*** Opening of SUPPLIED ENTRIES ***

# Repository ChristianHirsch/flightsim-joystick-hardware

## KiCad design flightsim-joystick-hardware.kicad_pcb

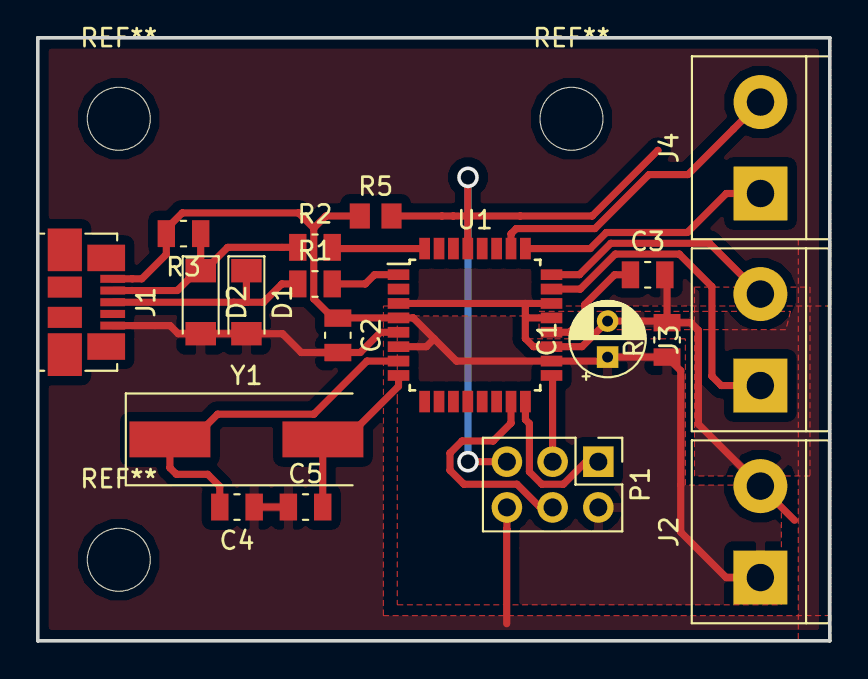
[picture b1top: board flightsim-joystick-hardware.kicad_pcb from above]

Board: 2 copper layers, 44.0 x 33.5 mm, 19 parts (0 on the bottom side), 17 nets.

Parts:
C1: 10µ; CP_Radial_D4.0mm_P2.00mm
C2, C3: 100n; C_0805_2012Metric
C4, C5: 27p; C_0805_2012Metric
D1, D2: D_Zener; D_MiniMELF
J1: USB_OTG; USB_Micro-B_Molex_47346-0001
J2, J3, J4: Conn_01x02; TerminalBlock_bornier-2_P5.08mm
P1: CONN_02X03; PinHeader_2x03_P2.54mm_Vertical
R1, R2: 68; R_0805_2012Metric
R3: 1.5k; R_0805_2012Metric
R4: 56k; R_0805_2012Metric
R5: 10k; R_0805_2012Metric
U1: ATMEGA328P-AU; LQFP-32_7x7mm_P0.8mm
Y1: 12MHz; Crystal_SMD_HC49-SD

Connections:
+5V: C1.1, C2.1, J1.1, J2.1, P1.2, R3.2, R4.1, R5.1, U1.4, U1.6, U1.18
/W_Pos: J4.2, U1.26
/X_Pos: J3.1, U1.23
/Y_Pos: J3.2, U1.24
/Z_Pos: J4.1, U1.25
GND: C1.2, C2.2, C3.2, C4.1, C5.1, D1.2, D2.2, J1.5, J2.2, P1.6, R4.2, U1.3, U1.5, U1.19, U1.21, U1.22
unnamed: C3.1, U1.20
unnamed: C4.2, U1.7, Y1.1
unnamed: C5.2, U1.8, Y1.2
unnamed: D1.1, J1.3, R1.1
unnamed: D2.1, J1.2, R2.1, R3.1
unnamed: P1.1, U1.16
unnamed: P1.3, U1.17
unnamed: P1.4, U1.15
unnamed: P1.5, R5.2, U1.29
USB_DM: R2.2, U1.32
USB_DP: R1.2, U1.1

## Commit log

2018-04-19 add 2 more ADC connectors

*** Close of SUPPLIED ENTRIES ***

• [TASK REQUIREMENTS]: From the records above, tally every line that contains the string "hardware"; the reply consists of that number alone.

• [RESPONSE BELOW]: 3